First Lady of Mali
- In office 19 November 1968 – 26 March 1991
- President: Moussa Traoré
- Preceded by: Mariam Travélé
- Succeeded by: Lobbo Traore

Personal details
- Born: 4 November 1944 Kati, French Sudan, French West Africa
- Died: 8 October 2024 (aged 79) Bamako, Mali
- Occupation: Socialite

= Mariam Sissoko =

Malian socialite (1944–2024)

Mariam Sissoko (4 November 1944 – 8 October 2024) was a Malian socialite who was First Lady from 1968 to 1991.

==Biography==
Born in Kati on 4 November 1944, Sissoko was originally of Mandinka origin. Her parents were Adama Sissoko and Wali Diallo. She attended primary school in Senegal, France, and Ivory Coast and attended secondary school in France and Belgium. In 1963, she married Moussa Traoré and converted to Islam. She had five children with Traoré. She worked as a bilingual secretary for French and English at the embassies of Mali in Tanzania and the United States and at the Ministry of National Education.

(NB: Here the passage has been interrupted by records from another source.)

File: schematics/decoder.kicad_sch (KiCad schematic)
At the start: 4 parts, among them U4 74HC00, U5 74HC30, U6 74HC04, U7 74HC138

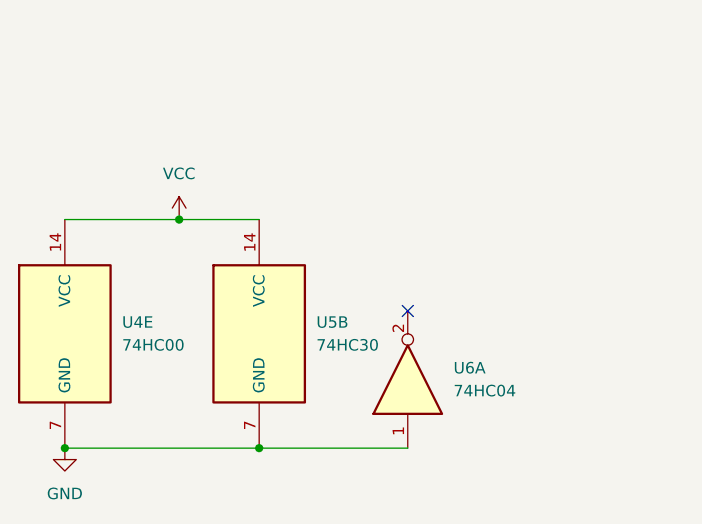
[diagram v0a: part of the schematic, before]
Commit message: trying to make it automatically hold reset during power-on. it's a little better
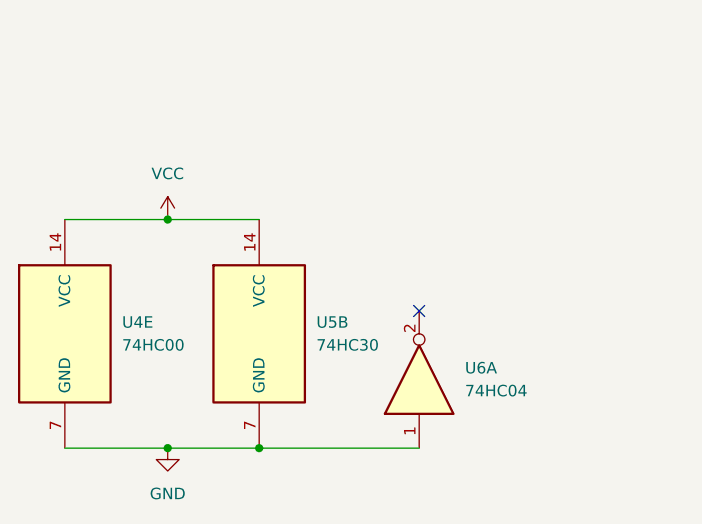
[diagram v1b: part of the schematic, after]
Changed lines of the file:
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@@
 	(paper "USLetter")
+	(junction
+		(at 50.8 191.77)
+		(diameter 0)
+		(color 0 0 0 0)
+	)
+	(junction
+		(at 40.64 191.77)
+		(diameter 0)
+		(color 0 0 0 0)
+	)
 	(junction
 		(at 124.46 106.68)
@@
 	)
 	(junction
+		(at 40.64 166.37)
+		(diameter 0)
+		(color 0 0 0 0)
+	)
+	(junction
 		(at 127 76.2)
 		(diameter 0)
@@
 	)
 	(junction
-		(at 41.91 166.37)
-		(diameter 0)
-		(color 0 0 0 0)
-	)
-	(junction
-		(at 29.21 191.77)
-		(diameter 0)
-		(color 0 0 0 0)
-	)
-	(junction
 		(at 121.92 76.2)
 		(diameter 0)
 		(color 0 0 0 0)
 	)
-	(junction
-		(at 50.8 191.77)
-		(diameter 0)
-		(color 0 0 0 0)
-	)
 	(no_connect
 		(at 127 142.24)
@@
 	)
 	(no_connect
+		(at 68.58 176.53)
+	)
+	(no_connect
 		(at 121.92 142.24)
 	)
 	(no_connect
 		(at 124.46 142.24)
-	)
-	(no_connect
-		(at 67.31 176.53)
 	)
 	(no_connect
@@
 	(wire
 		(pts
-			(xy 41.91 166.37) (xy 50.8 166.37)
-		)
-		(stroke
-			(width 0)
-			(type default)
-		)
-	)
-	(wire
-		(pts
 			(xy 127 76.2) (xy 128.27 76.2)
 		)
@@
 	(wire
 		(pts
+			(xy 40.64 191.77) (xy 29.21 191.77)
+		)
+		(stroke
+			(width 0)
+			(type default)
+		)
+	)
+	(wire
+		(pts
 			(xy 100.33 99.06) (xy 105.41 99.06)
 		)
@@
 	(wire
 		(pts
+			(xy 40.64 166.37) (xy 50.8 166.37)
+		)
+		(stroke
+			(width 0)
+			(type default)
+		)
+	)
+	(wire
+		(pts
 			(xy 100.33 104.14) (xy 105.41 104.14)
 		)
@@
 	(wire
 		(pts
-			(xy 29.21 166.37) (xy 41.91 166.37)
+			(xy 29.21 166.37) (xy 40.64 166.37)
 		)
 		(stroke
@@
 	(wire
 		(pts
-			(xy 50.8 191.77) (xy 67.31 191.77)
-		)
-		(stroke
-			(width 0)
-			(type default)
-		)
-	)
-	(wire
-		(pts
 			(xy 100.33 116.84) (xy 114.3 116.84)
 		)
@@
 	(wire
 		(pts
-			(xy 50.8 191.77) (xy 29.21 191.77)
+			(xy 50.8 191.77) (xy 40.64 191.77)
 		)
 		(stroke
@@
 		(pts
 			(xy 111.76 119.38) (xy 111.76 121.92)
+		)
+		(stroke
+			(width 0)
+			(type default)
+		)
+	)
+	(wire
+		(pts
+			(xy 50.8 191.77) (xy 68.58 191.77)
 		)
 		(stroke
@@
 					(reference "U6")
 					(unit 3)
-				)
-			)
-		)
-	)
-	(symbol
-		(lib_id "74xx:74HC04")
-		(at 67.31 184.15 90)
-		(unit 1)
-		(body_style 1)
-		(exclude_from_sim no)
-		(in_bom yes)
-		(on_board yes)
-		(in_pos_files yes)
-		(dnp no)
-		(fields_autoplaced yes)
-		(property "Reference" "U6"
-			(at 72.39 182.8799 90)
-			(show_name no)
-			(do_not_autoplace no)
-			(effects
-				(font
-					(size 1.27 1.27)
-				)
-				(justify right)
-			)
-		)
-		(property "Value" "74HC04"
-			(at 72.39 185.4199 90)
-			(show_name no)
-			(do_not_autoplace no)
-			(effects
-				(font
-					(size 1.27 1.27)
-				)
-				(justify right)
-			)
-		)
-		(property "Footprint" ""
-			(at 67.31 184.15 0)
-			(hide yes)
-			(show_name no)
-			(do_not_autoplace no)
-			(effects
-				(font
-					(size 1.27 1.27)
-				)
-			)
-		)
-		(property "Datasheet" "https://assets.nexperia.com/documents/data-sheet/74HC_HCT04.pdf"
-			(at 67.31 184.15 0)
-			(hide yes)
-			(show_name no)
-			(do_not_autoplace no)
-			(effects
-				(font
-					(size 1.27 1.27)
-				)
-			)
-		)
-		(property "Description" "Hex Inverter"
-			(at 67.31 184.15 0)
-			(hide yes)
-			(show_name no)
-			(do_not_autoplace no)
-			(effects
-				(font
-					(size 1.27 1.27)
-				)
-			)
-		)
-		(pin "11"
-		)
-		(pin "12"
-		)
-		(pin "14"
-		)
-		(pin "10"
-		)
-		(pin "7"
-		)
-		(pin "13"
-		)
-		(pin "1"
-		)
-		(pin "8"
-		)
-		(pin "2"
-		)
-		(pin "3"
-		)
-		(pin "4"
-		)
-		(pin "5"
-		)
-		(pin "6"
-		)
-		(pin "9"
-		)
-		(instances
-			(project "bv6502_hw"
-				(path "/94c72abe-aaa5-49aa-8ab7-5d3e7cbc10be/84bb5624-3de3-475d-b983-481178beada9"
-					(reference "U6")
-					(unit 1)
 				)
 			)
@@
 	(symbol
 		(lib_id "power:GND")
-		(at 29.21 191.77 0)
+		(at 40.64 191.77 0)
 		(unit 1)
 		(body_style 1)
@@
 		(fields_autoplaced yes)
 		(property "Reference" "#PWR011"
-			(at 29.21 198.12 0)
+			(at 40.64 198.12 0)
 			(hide yes)
 			(show_name no)
@@
 		)
 		(property "Value" "GND"
-			(at 29.21 196.85 0)
+			(at 40.64 196.85 0)
 			(show_name no)
 			(do_not_autoplace no)
@@
 		)
 		(property "Footprint" ""
-			(at 29.21 191.77 0)
+			(at 40.64 191.77 0)
 			(hide yes)
 			(show_name no)
@@
 		)
 		(property "Datasheet" ""
-			(at 29.21 191.77 0)
+			(at 40.64 191.77 0)
 			(hide yes)
 			(show_name no)
@@
 		)
 		(property "Description" "Power symbol creates a global label with name \"GND\" , ground"
-			(at 29.21 191.77 0)
+			(at 40.64 191.77 0)
 			(hide yes)
 			(show_name no)
@@
 	(symbol
 		(lib_id "power:VCC")
-		(at 41.91 166.37 0)
+		(at 40.64 166.37 0)
 		(unit 1)
 		(body_style 1)
@@
 		(fields_autoplaced yes)
 		(property "Reference" "#PWR012"
-			(at 41.91 170.18 0)
+			(at 40.64 170.18 0)
 			(hide yes)
 			(show_name no)
@@
 		)
 		(property "Value" "VCC"
-			(at 41.91 161.29 0)
+			(at 40.64 161.29 0)
 			(show_name no)
 			(do_not_autoplace no)
@@
 		)
 		(property "Footprint" ""
-			(at 41.91 166.37 0)
+			(at 40.64 166.37 0)
 			(hide yes)
 			(show_name no)
@@
 		)
 		(property "Datasheet" ""
-			(at 41.91 166.37 0)
+			(at 40.64 166.37 0)
 			(hide yes)
 			(show_name no)
@@
 		)
 		(property "Description" "Power symbol creates a global label with name \"VCC\""
-			(at 41.91 166.37 0)
+			(at 40.64 166.37 0)
 			(hide yes)
 			(show_name no)
@@
 				)
 			)
+		)
+	)
+	(symbol
+		(lib_id "74xx:74HC04")
+		(at 68.58 184.15 90)
+		(unit 1)
+		(body_style 1)
+		(exclude_from_sim no)
+		(in_bom yes)
+		(on_board yes)
+		(in_pos_files yes)
+		(dnp no)
+		(fields_autoplaced yes)
+		(property "Reference" "U6"
+			(at 73.66 182.8799 90)
+			(show_name no)
+			(do_not_autoplace no)
+			(effects
+				(font
+					(size 1.27 1.27)
+				)
+				(justify right)
+			)
+		)
+		(property "Value" "74HC04"
+			(at 73.66 185.4199 90)
+			(show_name no)
+			(do_not_autoplace no)
+			(effects
+				(font
+					(size 1.27 1.27)
+				)
+				(justify right)
+			)
+		)
+		(property "Footprint" ""
+			(at 68.58 184.15 0)
+			(hide yes)
+			(show_name no)
+			(do_not_autoplace no)
+			(effects
+				(font
+					(size 1.27 1.27)
+				)
+			)
+		)
+		(property "Datasheet" "https://assets.nexperia.com/documents/data-sheet/74HC_HCT04.pdf"
+			(at 68.58 184.15 0)
+			(hide yes)
+			(show_name no)
+			(do_not_autoplace no)
+			(effects
+				(font
+					(size 1.27 1.27)
+				)
+			)
+		)
+		(property "Description" "Hex Inverter"
+			(at 68.58 184.15 0)
+			(hide yes)
+			(show_name no)
+			(do_not_autoplace no)
+			(effects
+				(font
+					(size 1.27 1.27)
+				)
+			)
+		)
+		(pin "11"
+		)
+		(pin "12"
+		)
+		(pin "14"
+		)
+		(pin "10"
+		)
+		(pin "7"
+		)
+		(pin "13"
+		)
+		(pin "1"
+		)
+		(pin "8"
+		)
+		(pin "2"
+		)
+		(pin "3"
+		)
+		(pin "4"
+		)
+		(pin "5"
+		)
+		(pin "6"
+		)
+		(pin "9"
+		)
+		(instances
+			(project "bv6502_hw"
+				(path "/94c72abe-aaa5-49aa-8ab7-5d3e7cbc10be/84bb5624-3de3-475d-b983-481178beada9"
+					(reference "U6")
+					(unit 1)
+				)
+			)

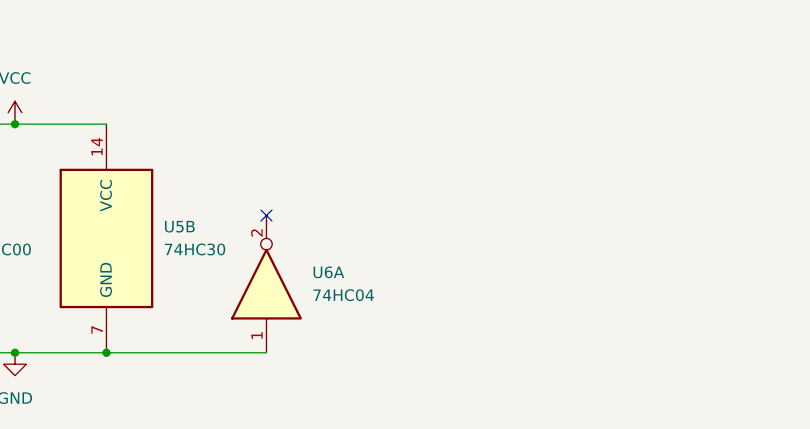
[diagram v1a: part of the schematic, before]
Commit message: removed unnecessary clock inversion
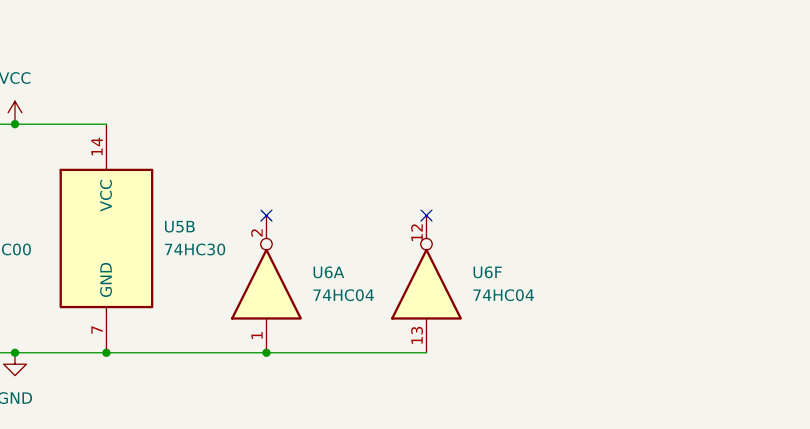
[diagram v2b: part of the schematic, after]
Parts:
- added unit 6 of U6
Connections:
- net GND: now also U6.13
- no-connect marks 7 -> 8
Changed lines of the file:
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@@
+	)
+	(junction
+		(at 68.58 191.77)
+		(diameter 0)
+		(color 0 0 0 0)
 	)
 	(junction
@@
 	)
 	(no_connect
+		(at 86.36 176.53)
+	)
+	(no_connect
 		(at 121.92 142.24)
 	)
@@
 		(pts
 			(xy 124.46 106.68) (xy 124.46 121.92)
+		)
+		(stroke
+			(width 0)
+			(type default)
+		)
+	)
+	(wire
+		(pts
+			(xy 68.58 191.77) (xy 86.36 191.77)
 		)
 		(stroke
@@
 			)
 		)
+	)
+	(symbol
+		(lib_id "74xx:74HC04")
+		(at 86.36 184.15 90)
+		(unit 6)
+		(body_style 1)
+		(exclude_from_sim no)
+		(in_bom yes)
+		(on_board yes)
+		(in_pos_files yes)
+		(dnp no)
+		(fields_autoplaced yes)
+		(property "Reference" "U6"
+			(at 91.44 182.8799 90)
+			(show_name no)
+			(do_not_autoplace no)
+			(effects
+				(font
+					(size 1.27 1.27)
+				)
+				(justify right)
+			)
+		)
+		(property "Value" "74HC04"
+			(at 91.44 185.4199 90)
+			(show_name no)
+			(do_not_autoplace no)
+			(effects
+				(font
+					(size 1.27 1.27)
+				)
+				(justify right)
+			)
+		)
+		(property "Footprint" ""
+			(at 86.36 184.15 0)
+			(hide yes)
+			(show_name no)
+			(do_not_autoplace no)
+			(effects
+				(font
+					(size 1.27 1.27)
+				)
+			)
+		)
+		(property "Datasheet" "https://assets.nexperia.com/documents/data-sheet/74HC_HCT04.pdf"
+			(at 86.36 184.15 0)
+			(hide yes)
+			(show_name no)
+			(do_not_autoplace no)
+			(effects
+				(font
+					(size 1.27 1.27)
+				)
+			)
+		)
+		(property "Description" "Hex Inverter"
+			(at 86.36 184.15 0)
+			(hide yes)
+			(show_name no)
+			(do_not_autoplace no)
+			(effects
+				(font
+					(size 1.27 1.27)
+				)
+			)
+		)
+		(pin "11"
+		)
+		(pin "12"
+		)
+		(pin "14"
+		)
+		(pin "10"
+		)
+		(pin "7"
+		)
+		(pin "13"
+		)
+		(pin "1"
+		)
+		(pin "8"
+		)
+		(pin "2"
+		)
+		(pin "3"
+		)
+		(pin "4"
+		)
+		(pin "5"
+		)
+		(pin "6"
+		)
+		(pin "9"
+		)
+		(instances
+			(project "bv6502_hw"
+				(path "/94c72abe-aaa5-49aa-8ab7-5d3e7cbc10be/84bb5624-3de3-475d-b983-481178beada9"
+					(reference "U6")
+					(unit 6)
+				)
+			)
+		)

Following the 1968 coup d'état, Traoré became President of Mali, making Sissoko the First Lady. During the first decade of her husband's presidency, Sissoko took a background role as Tiécoro Bagayoko and Kissima Doukara were the President's primary aides. However, in 1974 she founded the Union nationale des femmes du Mali, of which she served as honorary president until 1991. She also led several humanitarian organizations, such as the Centre des handicapés physiques, the Institut des jeunes aveugles, and the Association des femmes commerçantes et entrepreneures du Mali. She also set up a family farm outside Baguinéda-Camp thanks to assistance from Ivorian President Félix Houphouët-Boigny.

Following the 1991 coup d'état, the role of First Lady was vacated and Sissoko was arrested and sent to Djicoroni. She was sentenced to death in 1999, but pardoned by her husband's successor, Alpha Oumar Konaré, in 2002.

Sissoko died in Bamako on 8 October 2024, at the age of 79.